# Jumping into arms?



## missmarstar (Jul 22, 2007)

I guess as long as she only does it when given the command, it wouldn't be a bad thing. I'd personally prefer my dog learns that its NEVER ok to jump up on someone, than give any kind of mixed message that its ok sometimes. But if you want to try to teach it, go for it... just get a back brace!!


----------



## LibertyME (Jan 6, 2007)

One of my friends is teaching her Golden to jump into her arms...she has a little athletic female.
She is starting by teaching the dog to safely jump into her lap when she is sitting in a chair....only rewarding the jumps when the dog is invited - teaching the dog to accept being grabbed and held...and not jumping off her lap until released.

Then as the dog gets that part under control - start adding pillows onto the chair you are sitting on...getting the dog used to jumping up at different angles until you are upright...


----------



## Bender (Dec 30, 2008)

I'll have to see.... as is she's jumping on me anyway, she's doing the typical golden thing of 'ok, how would you LIKE me to jump on you, if not with paws on your chest - flying by whacks, pops on your back, bodyslams to the side?....

Right now she'll send to the dogrun gate, spin around as soon as she's in and come flying back with a 'didga see me???? I did it!' - she doesn't quite get the whole command as 'go get in the dogrun and stay there' so she runs in and out about ten times as I'm walking to close the gate. While the other two bounce around me. Then all three go in at once and bash into each other, then I tell Bender to come out, Storee falls on her face because at the last second she realizes that 'Bender' does not mean she should come through the gate..... this is our every morning routine.

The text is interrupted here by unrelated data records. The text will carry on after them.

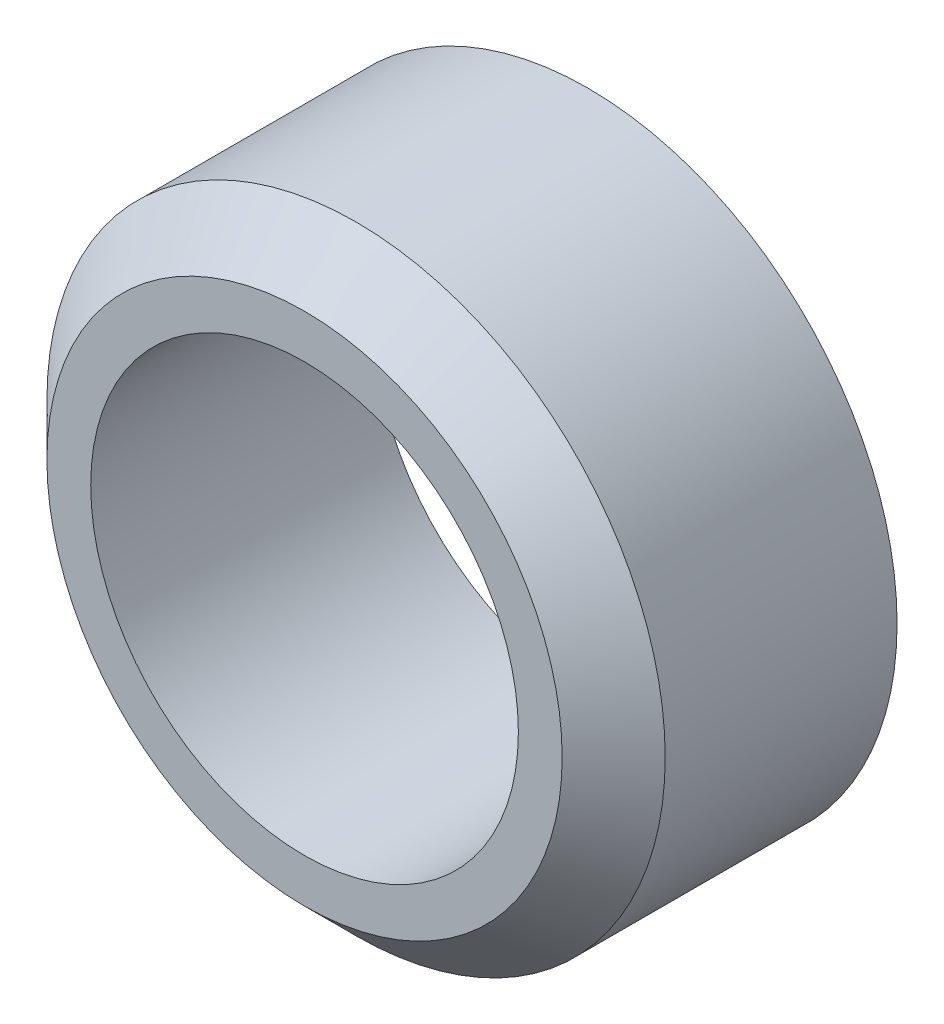
SolidWorks part; units mm, degrees
material "ﾎﾟﾘｴﾁﾚﾝｲﾐﾝ(PEI)"
ref_plane "正面" through (0, 0, 0) normal (0, 0, 1) x (1, 0, 0)
ref_plane "平面" through (0, 0, 0) normal (0, 1, 0) x (1, 0, 0)
ref_plane "右側面" through (0, 0, 0) normal (1, 0, 0) x (0, 0, -1)
sketch "ｽｹｯﾁ1" plane through (0, 0, 0) normal (0, 0, 1) x (1, 0, 0)
  circle A0 centre (0, 0) radius 6
  circle A1 centre (0, 0) radius 4.15
  dimension "D1" = 8.3
  dimension "D2" = 12
extrude "ﾎﾞｽ - 押し出し1" add sketch "ｽｹｯﾁ1" along normal blind 5.5
chamfer "面取り1" distance 1 angle 45 1 edges at (6, 0, 5.5)
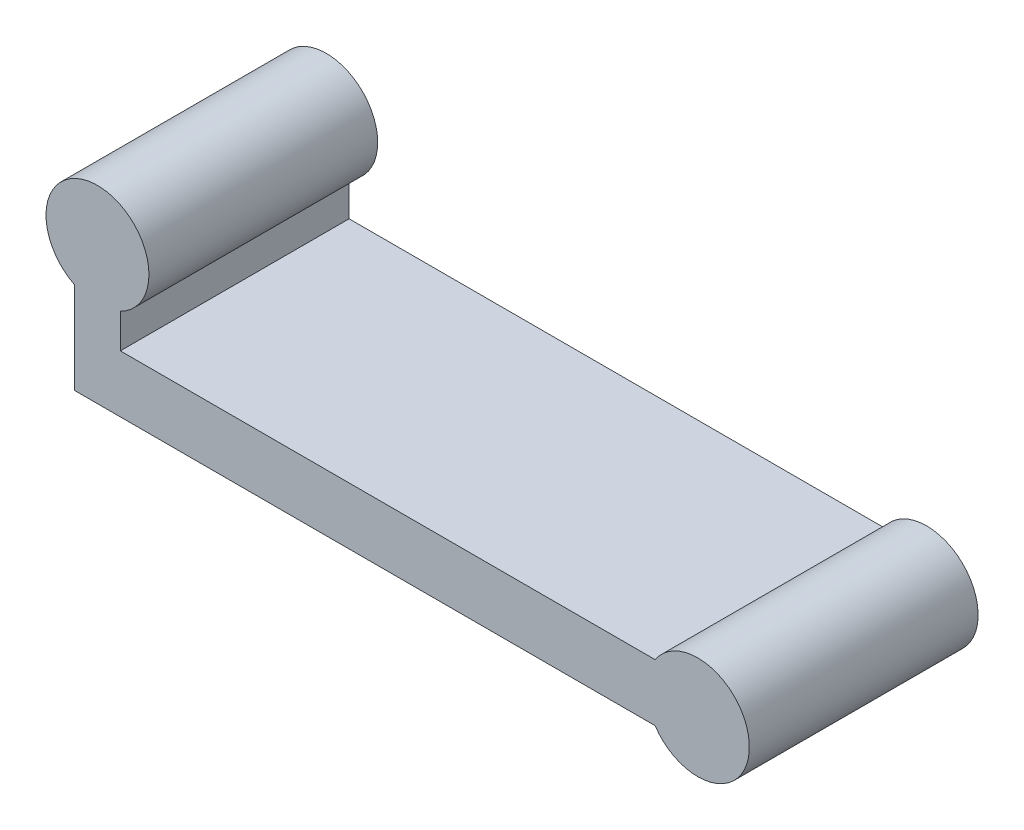
SolidWorks part; units mm, degrees
ref_plane "Front Plane" through (0, 0, 0) normal (0, 0, 1) x (1, 0, 0)
ref_plane "Top Plane" through (0, 0, 0) normal (0, 1, 0) x (1, 0, 0)
ref_plane "Right Plane" through (0, 0, 0) normal (1, 0, 0) x (0, 0, -1)
sketch "Sketch1" plane through (0, 0, 0) normal (0, 0, 1) x (1, 0, 0)
  line L0 (0, 1.6) -> (0, 0)
  line L1 (0, 0) -> (10.15, 0)
  line L2 (10.15, 0) -> (10.15, 1) construction
  line L3 (10.15, 1) -> (0.8, 1)
  line L4 (0.8, 1) -> (0.8, 1.6)
  line L5 (0.8, 1.6) -> (0, 1.6) construction
  arc A0 (0, 1.6) -> (0.8, 1.6) centre (0.4, 2.4062) cw
  arc A1 (10.15, 1) -> (10.15, 0) centre (10.8983, 0.5) cw
  point P9 (0.4, 1.6)
  dimension "D3" = 0.9
  dimension "D4" = 0.9
  dimension "D1" = 0.8
  dimension "D2" = 1
  dimension "D5" = 9.75
  dimension "D6" = 0.6
  dimension "D7" = 10.4983
extrude "Boss-Extrude1" add sketch "Sketch1" along normal blind 4
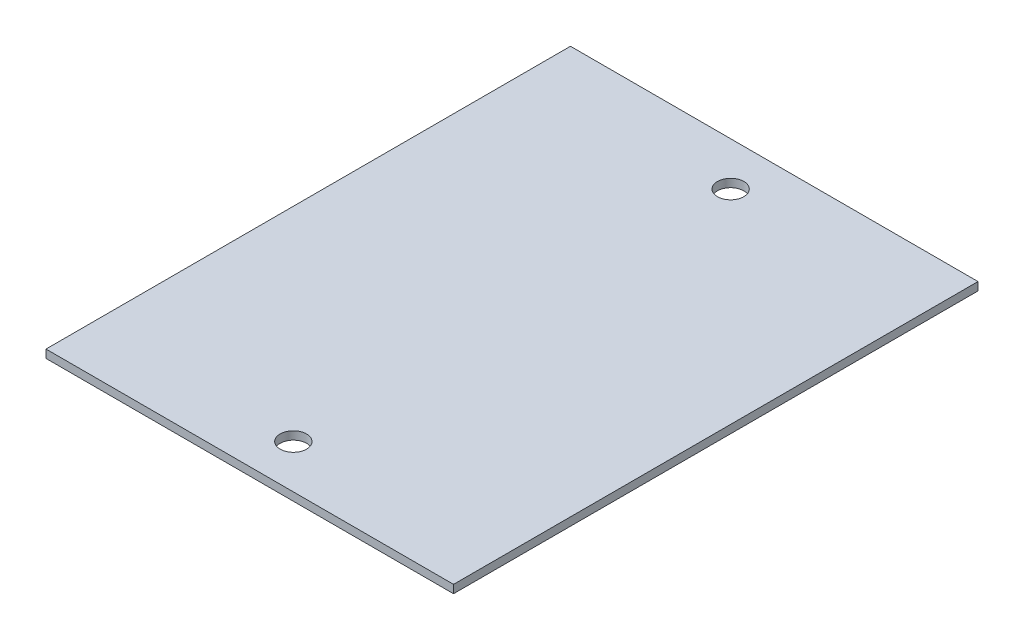
SolidWorks part; units mm, degrees
ref_plane "Front Plane" through (0, 0, 0) normal (0, 0, 1) x (1, 0, 0)
ref_plane "Top Plane" through (0, 0, 0) normal (0, 1, 0) x (1, 0, 0)
ref_plane "Right Plane" through (0, 0, 0) normal (1, 0, 0) x (0, 0, -1)
sketch "Sketch1" plane through (0, 0, 0) normal (0, 1, 0) x (1, 0, 0)
  line L0 (0, 0) -> (0, 34.0678) construction
  line L2 (-31.75, 40.8592) -> (31.75, 40.8592)
  line L3 (-31.75, 40.8592) -> (-31.75, -40.8592)
  line L4 (-31.75, -40.8592) -> (31.75, -40.8592)
  line L5 (0, 0) -> (0, -34.0678) construction
  line L6 (31.75, 40.8592) -> (31.75, -40.8592)
  line L7 (-31.75, 40.8592) -> (31.75, -40.8592) construction
  line L8 (-31.75, -40.8592) -> (31.75, 40.8592) construction
  circle A0 centre (0, 34.0678) radius 2.0574
  circle A1 centre (0, -34.0678) radius 2.0574
  point P0 (0, 0)
  dimension "D2" = 4.1148
  dimension "D1" = 34.0678
extrude "Boss-Extrude1" add sketch "Sketch1" along normal blind 1.27

She's my caffeine on legs!

Lana


----------



## LibertyME (Jan 6, 2007)

oh man - your description is killing me!!!.....Not sure I would encourage that kind of energy to jump until some more self-control was in place! Lordy you could really get hurt! I can just see this 55# ball of fur planting all four on your chest! YIKES!


----------



## Pointgold (Jun 6, 2007)

Bender said:


> Would I be totally crazy to teach Storee to jump up into my arms?
> 
> She's not a big golden, maybe 55 lbs at the moment, and is constantly body checking me anyway - she's learned not to use her paws but uses her body to bump me in the chest anyway (in her little mind she's been corrected for hitting me with her feed, but her body is fine:bowl. I wouldn't mind having that as a trick she can do, but wonder if I'll regret it later. And I have no idea how to teach it....
> 
> Lana


 
Well, I hate the idea! LOL My Dalmatian pals had 2 dogs that would leap into their arms. Unbeknownst to me, all it took was to spread your arms even a little bit. We were in Conformation class and I had just gone over Dixie, stood up, and sort of opened my arms and had barely said "Let's see her go round" when she leaped up into my arms, and very nearly knocked my flat on my back. Thankfully it was Dixie and not Bugaboo, who was really big! Apparently I was not the only one who was taken by surprise by this little trick...
I don't thinks it's really all that safe - not only for the catcher, but for the catchee - being dropped inadvertantly could cause injury.


----------



## spruce (Mar 13, 2008)

sure wouldn't want my guys to get in that habit! I can just see 'em meeting someone & wanting to "please & impress" show 'em their trick. of course, perfect training doesn't exist here...................


----------



## Rhapsody in Gold (Dec 22, 2007)

If I saw someone doing that with their dog as a trick, I wouldn't be all that impressed. I view Goldens as athletic dogs - - - and a trick like that reminds me of the circus and would show any Golden in an undignified way. I'm not sure what reaction you are going for. I would find it to be obnoxious. I have the same reaction when I see a dog jump on a table at the parks. Not cute at all. I know you probably think this is for fun, but I would also be concerned about an innocent person or your dog getting hurt - - - it is always an idea like this where someone gets really hurt. Why not try to excel in agility?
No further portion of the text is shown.